**EXERCISE GOAL**. For this exercise, copy exactly the lines below from the one with "#67=DIRECTION('',(0.,0.,-1.));" through the one with "74.340128061), (-38.1, 69.85))" and leave out the pictures.
[DATA EXTRACTS — start]
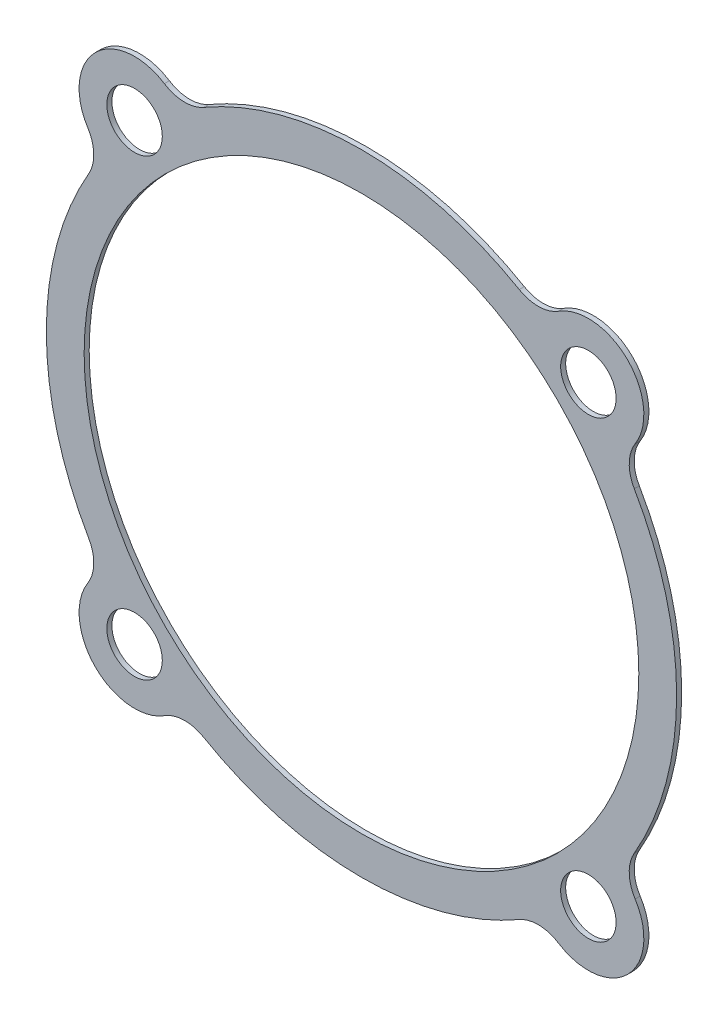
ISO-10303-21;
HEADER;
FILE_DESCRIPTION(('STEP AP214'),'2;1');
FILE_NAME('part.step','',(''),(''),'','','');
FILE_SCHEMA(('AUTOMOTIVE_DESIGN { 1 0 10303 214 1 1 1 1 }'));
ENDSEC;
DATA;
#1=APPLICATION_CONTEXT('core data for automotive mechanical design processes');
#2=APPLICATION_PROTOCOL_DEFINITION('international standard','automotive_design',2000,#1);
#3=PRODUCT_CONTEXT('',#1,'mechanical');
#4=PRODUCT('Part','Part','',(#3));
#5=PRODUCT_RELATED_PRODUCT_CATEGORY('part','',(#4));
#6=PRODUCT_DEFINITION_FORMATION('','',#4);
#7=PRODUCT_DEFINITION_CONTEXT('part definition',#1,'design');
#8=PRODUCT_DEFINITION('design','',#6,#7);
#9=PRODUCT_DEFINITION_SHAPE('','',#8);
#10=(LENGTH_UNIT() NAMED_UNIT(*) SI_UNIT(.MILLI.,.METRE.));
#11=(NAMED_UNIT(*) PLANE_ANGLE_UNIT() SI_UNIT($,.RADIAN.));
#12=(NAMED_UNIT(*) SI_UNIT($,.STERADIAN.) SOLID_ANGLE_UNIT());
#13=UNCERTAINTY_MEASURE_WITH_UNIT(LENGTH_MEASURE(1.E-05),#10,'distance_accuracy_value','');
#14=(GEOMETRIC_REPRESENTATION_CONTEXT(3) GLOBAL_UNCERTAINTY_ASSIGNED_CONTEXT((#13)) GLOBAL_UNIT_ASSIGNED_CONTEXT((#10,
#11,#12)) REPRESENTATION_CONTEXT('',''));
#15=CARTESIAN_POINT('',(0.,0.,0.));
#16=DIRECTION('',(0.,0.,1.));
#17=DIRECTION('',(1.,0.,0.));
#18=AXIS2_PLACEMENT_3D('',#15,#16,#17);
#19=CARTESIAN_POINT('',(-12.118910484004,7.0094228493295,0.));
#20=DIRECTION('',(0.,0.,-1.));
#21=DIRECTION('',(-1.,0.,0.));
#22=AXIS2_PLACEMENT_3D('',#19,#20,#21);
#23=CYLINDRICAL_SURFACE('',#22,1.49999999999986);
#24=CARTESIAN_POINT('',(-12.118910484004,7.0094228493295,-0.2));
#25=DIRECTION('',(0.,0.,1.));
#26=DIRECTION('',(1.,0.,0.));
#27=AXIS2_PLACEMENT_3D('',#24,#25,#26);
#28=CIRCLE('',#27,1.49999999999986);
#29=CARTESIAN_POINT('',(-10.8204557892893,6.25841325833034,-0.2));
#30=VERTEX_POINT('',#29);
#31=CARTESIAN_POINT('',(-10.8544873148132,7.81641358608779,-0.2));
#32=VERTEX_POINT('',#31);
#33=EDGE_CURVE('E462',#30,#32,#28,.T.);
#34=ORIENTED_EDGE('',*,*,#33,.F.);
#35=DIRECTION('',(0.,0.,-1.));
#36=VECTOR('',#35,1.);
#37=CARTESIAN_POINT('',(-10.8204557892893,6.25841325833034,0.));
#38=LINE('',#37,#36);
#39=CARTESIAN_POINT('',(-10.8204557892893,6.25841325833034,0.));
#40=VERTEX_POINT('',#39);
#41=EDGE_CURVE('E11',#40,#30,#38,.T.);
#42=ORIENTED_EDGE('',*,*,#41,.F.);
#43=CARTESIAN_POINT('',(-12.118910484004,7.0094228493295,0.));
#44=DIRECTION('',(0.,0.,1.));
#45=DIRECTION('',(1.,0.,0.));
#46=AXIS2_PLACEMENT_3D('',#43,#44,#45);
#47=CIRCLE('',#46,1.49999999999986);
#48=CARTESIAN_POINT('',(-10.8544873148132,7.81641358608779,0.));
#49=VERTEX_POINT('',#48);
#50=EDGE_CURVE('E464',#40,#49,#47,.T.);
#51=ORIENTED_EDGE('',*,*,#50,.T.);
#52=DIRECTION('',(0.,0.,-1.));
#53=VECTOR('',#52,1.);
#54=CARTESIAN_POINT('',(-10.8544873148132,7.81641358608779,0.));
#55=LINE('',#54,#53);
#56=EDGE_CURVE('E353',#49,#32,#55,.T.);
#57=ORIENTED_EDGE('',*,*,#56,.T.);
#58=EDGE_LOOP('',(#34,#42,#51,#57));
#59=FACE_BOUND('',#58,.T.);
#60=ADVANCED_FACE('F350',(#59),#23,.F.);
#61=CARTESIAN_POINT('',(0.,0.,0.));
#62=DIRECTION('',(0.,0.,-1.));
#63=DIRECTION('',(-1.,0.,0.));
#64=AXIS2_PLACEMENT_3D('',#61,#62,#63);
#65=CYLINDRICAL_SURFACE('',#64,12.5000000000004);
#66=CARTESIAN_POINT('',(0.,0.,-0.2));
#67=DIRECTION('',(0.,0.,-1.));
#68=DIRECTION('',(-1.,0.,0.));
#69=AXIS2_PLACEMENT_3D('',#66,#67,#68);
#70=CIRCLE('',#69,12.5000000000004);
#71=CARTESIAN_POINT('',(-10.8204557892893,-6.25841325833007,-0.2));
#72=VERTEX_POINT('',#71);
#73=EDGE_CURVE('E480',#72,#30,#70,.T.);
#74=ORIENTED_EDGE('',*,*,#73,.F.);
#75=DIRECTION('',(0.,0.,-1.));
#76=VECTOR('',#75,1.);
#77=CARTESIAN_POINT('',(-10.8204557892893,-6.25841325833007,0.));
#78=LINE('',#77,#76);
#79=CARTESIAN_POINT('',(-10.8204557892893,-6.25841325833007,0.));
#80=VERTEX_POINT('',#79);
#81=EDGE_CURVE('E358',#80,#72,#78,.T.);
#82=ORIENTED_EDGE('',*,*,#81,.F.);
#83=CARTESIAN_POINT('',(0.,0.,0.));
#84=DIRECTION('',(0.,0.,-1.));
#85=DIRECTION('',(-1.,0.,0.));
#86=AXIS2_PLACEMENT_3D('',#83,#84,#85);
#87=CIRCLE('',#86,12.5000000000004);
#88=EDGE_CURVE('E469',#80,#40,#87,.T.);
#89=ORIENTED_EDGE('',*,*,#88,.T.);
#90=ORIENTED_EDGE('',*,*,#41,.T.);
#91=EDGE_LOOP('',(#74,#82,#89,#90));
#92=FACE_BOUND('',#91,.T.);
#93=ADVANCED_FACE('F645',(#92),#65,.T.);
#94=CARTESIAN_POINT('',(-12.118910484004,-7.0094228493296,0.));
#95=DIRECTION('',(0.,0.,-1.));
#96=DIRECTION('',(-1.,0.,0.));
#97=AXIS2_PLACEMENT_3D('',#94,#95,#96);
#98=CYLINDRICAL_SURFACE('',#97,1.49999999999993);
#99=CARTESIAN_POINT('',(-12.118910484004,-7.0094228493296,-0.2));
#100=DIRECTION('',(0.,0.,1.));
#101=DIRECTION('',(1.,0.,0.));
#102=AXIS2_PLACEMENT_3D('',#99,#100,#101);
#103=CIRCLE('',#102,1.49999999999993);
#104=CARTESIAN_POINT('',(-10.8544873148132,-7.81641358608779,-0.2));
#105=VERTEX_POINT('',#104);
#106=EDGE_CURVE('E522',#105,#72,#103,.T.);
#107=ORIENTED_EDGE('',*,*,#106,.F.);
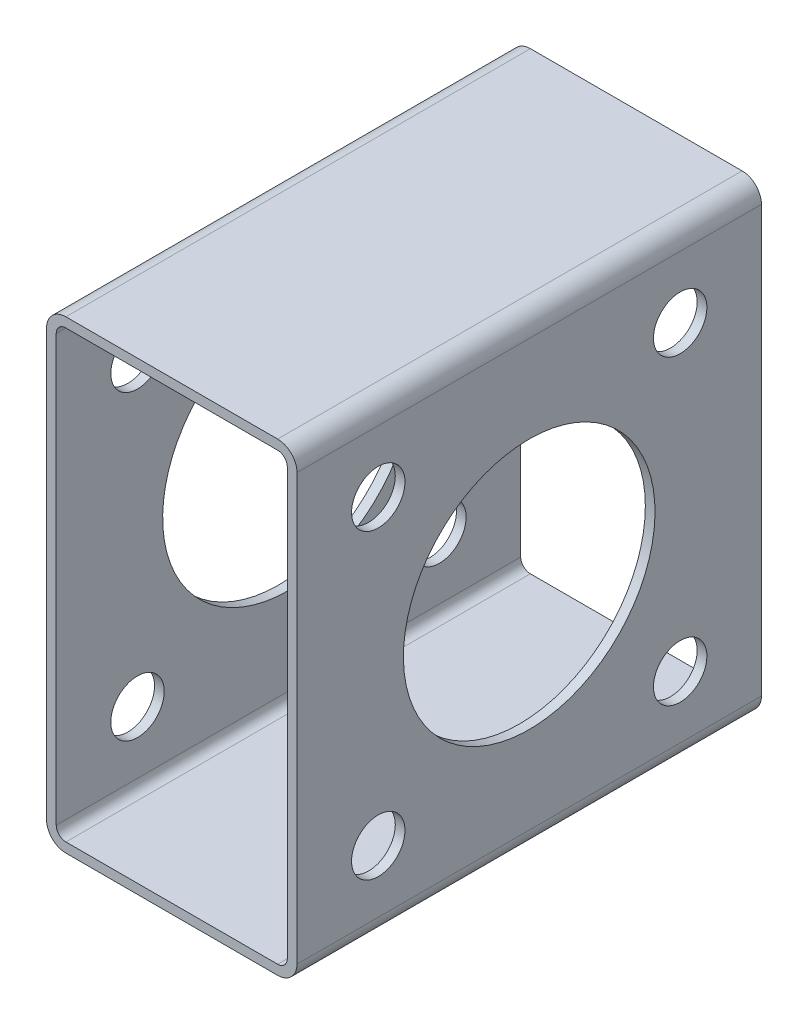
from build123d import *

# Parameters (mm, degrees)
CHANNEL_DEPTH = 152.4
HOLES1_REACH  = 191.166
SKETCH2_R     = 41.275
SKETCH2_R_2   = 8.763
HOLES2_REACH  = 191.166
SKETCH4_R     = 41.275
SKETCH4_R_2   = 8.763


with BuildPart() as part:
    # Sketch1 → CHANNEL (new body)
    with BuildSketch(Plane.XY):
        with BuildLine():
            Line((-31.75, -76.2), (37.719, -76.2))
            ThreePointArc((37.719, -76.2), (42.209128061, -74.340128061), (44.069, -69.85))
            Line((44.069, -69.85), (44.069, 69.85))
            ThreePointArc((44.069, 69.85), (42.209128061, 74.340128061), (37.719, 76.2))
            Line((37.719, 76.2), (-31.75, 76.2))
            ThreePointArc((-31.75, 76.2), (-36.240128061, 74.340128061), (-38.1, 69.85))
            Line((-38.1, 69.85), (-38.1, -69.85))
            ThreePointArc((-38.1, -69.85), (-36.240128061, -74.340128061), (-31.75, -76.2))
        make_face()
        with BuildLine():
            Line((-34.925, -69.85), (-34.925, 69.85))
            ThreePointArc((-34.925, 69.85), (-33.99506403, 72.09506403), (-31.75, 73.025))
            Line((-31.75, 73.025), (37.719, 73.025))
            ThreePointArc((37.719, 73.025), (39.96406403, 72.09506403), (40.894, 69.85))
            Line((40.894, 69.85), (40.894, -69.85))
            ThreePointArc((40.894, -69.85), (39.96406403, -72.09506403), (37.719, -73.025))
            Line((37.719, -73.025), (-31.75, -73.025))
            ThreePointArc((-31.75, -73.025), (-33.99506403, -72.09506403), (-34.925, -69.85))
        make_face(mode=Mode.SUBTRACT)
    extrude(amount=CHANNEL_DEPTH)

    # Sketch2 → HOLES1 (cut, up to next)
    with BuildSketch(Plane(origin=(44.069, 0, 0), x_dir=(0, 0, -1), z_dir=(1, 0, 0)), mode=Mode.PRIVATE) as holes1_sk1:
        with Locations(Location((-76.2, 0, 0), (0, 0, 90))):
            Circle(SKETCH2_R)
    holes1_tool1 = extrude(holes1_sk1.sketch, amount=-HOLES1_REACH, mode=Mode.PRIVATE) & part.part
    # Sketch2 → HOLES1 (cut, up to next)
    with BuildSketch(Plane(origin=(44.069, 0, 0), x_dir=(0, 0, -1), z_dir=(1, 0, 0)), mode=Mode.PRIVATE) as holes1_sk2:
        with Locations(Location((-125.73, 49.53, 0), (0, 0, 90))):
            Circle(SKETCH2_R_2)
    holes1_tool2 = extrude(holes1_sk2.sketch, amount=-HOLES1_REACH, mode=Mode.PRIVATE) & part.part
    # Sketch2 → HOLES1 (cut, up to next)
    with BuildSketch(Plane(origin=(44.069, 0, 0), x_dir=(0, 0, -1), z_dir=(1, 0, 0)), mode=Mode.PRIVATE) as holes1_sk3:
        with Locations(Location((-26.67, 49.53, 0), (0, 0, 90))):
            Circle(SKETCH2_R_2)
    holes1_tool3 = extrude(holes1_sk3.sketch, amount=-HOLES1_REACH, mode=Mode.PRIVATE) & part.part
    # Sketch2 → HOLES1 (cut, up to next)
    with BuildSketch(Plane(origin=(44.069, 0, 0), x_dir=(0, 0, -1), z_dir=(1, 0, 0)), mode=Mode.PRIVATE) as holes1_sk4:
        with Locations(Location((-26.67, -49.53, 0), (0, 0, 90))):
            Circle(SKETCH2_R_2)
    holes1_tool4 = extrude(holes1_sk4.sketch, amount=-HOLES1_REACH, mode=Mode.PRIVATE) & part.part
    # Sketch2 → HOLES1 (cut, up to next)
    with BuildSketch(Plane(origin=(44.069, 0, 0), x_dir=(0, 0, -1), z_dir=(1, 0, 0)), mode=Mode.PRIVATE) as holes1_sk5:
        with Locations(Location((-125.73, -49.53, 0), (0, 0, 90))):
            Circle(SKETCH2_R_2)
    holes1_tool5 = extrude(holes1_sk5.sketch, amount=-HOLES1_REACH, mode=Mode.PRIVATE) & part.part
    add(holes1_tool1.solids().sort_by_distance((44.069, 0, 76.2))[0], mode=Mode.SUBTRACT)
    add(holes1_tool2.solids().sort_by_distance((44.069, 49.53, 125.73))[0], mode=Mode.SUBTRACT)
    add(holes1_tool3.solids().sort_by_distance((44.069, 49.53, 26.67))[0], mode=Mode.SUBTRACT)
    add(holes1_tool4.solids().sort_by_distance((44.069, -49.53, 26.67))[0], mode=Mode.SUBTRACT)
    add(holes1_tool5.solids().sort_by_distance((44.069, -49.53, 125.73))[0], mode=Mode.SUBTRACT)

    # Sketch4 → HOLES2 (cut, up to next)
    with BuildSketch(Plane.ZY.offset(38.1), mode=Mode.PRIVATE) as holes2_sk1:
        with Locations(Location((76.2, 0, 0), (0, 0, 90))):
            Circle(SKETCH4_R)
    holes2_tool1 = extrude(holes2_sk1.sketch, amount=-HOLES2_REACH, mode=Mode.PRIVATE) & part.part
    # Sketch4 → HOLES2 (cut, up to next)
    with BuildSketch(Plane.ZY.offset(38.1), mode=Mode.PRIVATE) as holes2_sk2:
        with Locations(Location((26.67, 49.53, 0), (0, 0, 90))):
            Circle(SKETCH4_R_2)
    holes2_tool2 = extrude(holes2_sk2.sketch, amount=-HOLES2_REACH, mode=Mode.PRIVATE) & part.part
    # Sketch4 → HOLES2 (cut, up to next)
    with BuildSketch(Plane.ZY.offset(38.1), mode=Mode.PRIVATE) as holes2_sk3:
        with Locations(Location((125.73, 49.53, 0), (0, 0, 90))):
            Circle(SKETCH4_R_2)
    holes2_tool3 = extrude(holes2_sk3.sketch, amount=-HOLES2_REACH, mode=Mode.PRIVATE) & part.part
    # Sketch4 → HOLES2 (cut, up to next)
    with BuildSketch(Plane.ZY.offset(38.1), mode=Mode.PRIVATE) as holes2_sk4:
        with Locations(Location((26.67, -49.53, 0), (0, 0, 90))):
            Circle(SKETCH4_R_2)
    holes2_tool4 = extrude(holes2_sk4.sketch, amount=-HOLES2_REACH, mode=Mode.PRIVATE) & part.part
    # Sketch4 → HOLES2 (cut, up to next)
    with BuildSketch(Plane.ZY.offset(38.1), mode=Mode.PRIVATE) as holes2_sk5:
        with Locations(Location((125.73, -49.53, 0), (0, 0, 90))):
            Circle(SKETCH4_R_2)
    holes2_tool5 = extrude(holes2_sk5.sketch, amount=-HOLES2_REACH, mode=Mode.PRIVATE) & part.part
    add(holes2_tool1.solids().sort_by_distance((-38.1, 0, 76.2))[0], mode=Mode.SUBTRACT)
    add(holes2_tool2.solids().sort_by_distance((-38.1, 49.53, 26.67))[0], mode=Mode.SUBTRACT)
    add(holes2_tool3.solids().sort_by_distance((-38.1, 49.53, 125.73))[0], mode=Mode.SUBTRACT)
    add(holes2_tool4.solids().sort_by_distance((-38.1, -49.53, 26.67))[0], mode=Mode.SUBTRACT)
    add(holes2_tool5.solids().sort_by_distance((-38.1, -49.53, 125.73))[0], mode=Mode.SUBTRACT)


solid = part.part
[DATA EXTRACTS — finish]
**COMPLETED EXERCISE**.
#67=DIRECTION('',(0.,0.,-1.));
#68=DIRECTION('',(-1.,0.,0.));
#69=AXIS2_PLACEMENT_3D('',#66,#67,#68);
#70=CIRCLE('',#69,12.5000000000004);
#71=CARTESIAN_POINT('',(-10.8204557892893,-6.25841325833007,-0.2));
#72=VERTEX_POINT('',#71);
#73=EDGE_CURVE('E480',#72,#30,#70,.T.);
#74=ORIENTED_EDGE('',*,*,#73,.F.);
#75=DIRECTION('',(0.,0.,-1.));
#76=VECTOR('',#75,1.);
#77=CARTESIAN_POINT('',(-10.8204557892893,-6.25841325833007,0.));
#78=LINE('',#77,#76);
#79=CARTESIAN_POINT('',(-10.8204557892893,-6.25841325833007,0.));
#80=VERTEX_POINT('',#79);
#81=EDGE_CURVE('E358',#80,#72,#78,.T.);
#82=ORIENTED_EDGE('',*,*,#81,.F.);
#83=CARTESIAN_POINT('',(0.,0.,0.));
#84=DIRECTION('',(0.,0.,-1.));
#85=DIRECTION('',(-1.,0.,0.));
#86=AXIS2_PLACEMENT_3D('',#83,#84,#85);
#87=CIRCLE('',#86,12.5000000000004);
#88=EDGE_CURVE('E469',#80,#40,#87,.T.);
#89=ORIENTED_EDGE('',*,*,#88,.T.);
#90=ORIENTED_EDGE('',*,*,#41,.T.);
#91=EDGE_LOOP('',(#74,#82,#89,#90));
#92=FACE_BOUND('',#91,.T.);
#93=ADVANCED_FACE('F645',(#92),#65,.T.);
#94=CARTESIAN_POINT('',(-12.118910484004,-7.0094228493296,0.));
#95=DIRECTION('',(0.,0.,-1.));
#96=DIRECTION('',(-1.,0.,0.));
#97=AXIS2_PLACEMENT_3D('',#94,#95,#96);
#98=CYLINDRICAL_SURFACE('',#97,1.49999999999993);
#99=CARTESIAN_POINT('',(-12.118910484004,-7.0094228493296,-0.2));
#100=DIRECTION('',(0.,0.,1.));
#101=DIRECTION('',(1.,0.,0.));
#102=AXIS2_PLACEMENT_3D('',#99,#100,#101);
#103=CIRCLE('',#102,1.49999999999993);
#104=CARTESIAN_POINT('',(-10.8544873148132,-7.81641358608779,-0.2));
#105=VERTEX_POINT('',#104);
#106=EDGE_CURVE('E522',#105,#72,#103,.T.);
#107=ORIENTED_EDGE('',*,*,#106,.F.);
from build123d import *

# Parameters (mm, degrees)
CHANNEL_DEPTH = 152.4
HOLES1_REACH  = 191.166
SKETCH2_R     = 41.275
SKETCH2_R_2   = 8.763
HOLES2_REACH  = 191.166
SKETCH4_R     = 41.275
SKETCH4_R_2   = 8.763


with BuildPart() as part:
    # Sketch1 → CHANNEL (new body)
    with BuildSketch(Plane.XY):
        with BuildLine():
            Line((-31.75, -76.2), (37.719, -76.2))
            ThreePointArc((37.719, -76.2), (42.209128061, -74.340128061), (44.069, -69.85))
            Line((44.069, -69.85), (44.069, 69.85))
            ThreePointArc((44.069, 69.85), (42.209128061, 74.340128061), (37.719, 76.2))
            Line((37.719, 76.2), (-31.75, 76.2))
            ThreePointArc((-31.75, 76.2), (-36.240128061, 74.340128061), (-38.1, 69.85))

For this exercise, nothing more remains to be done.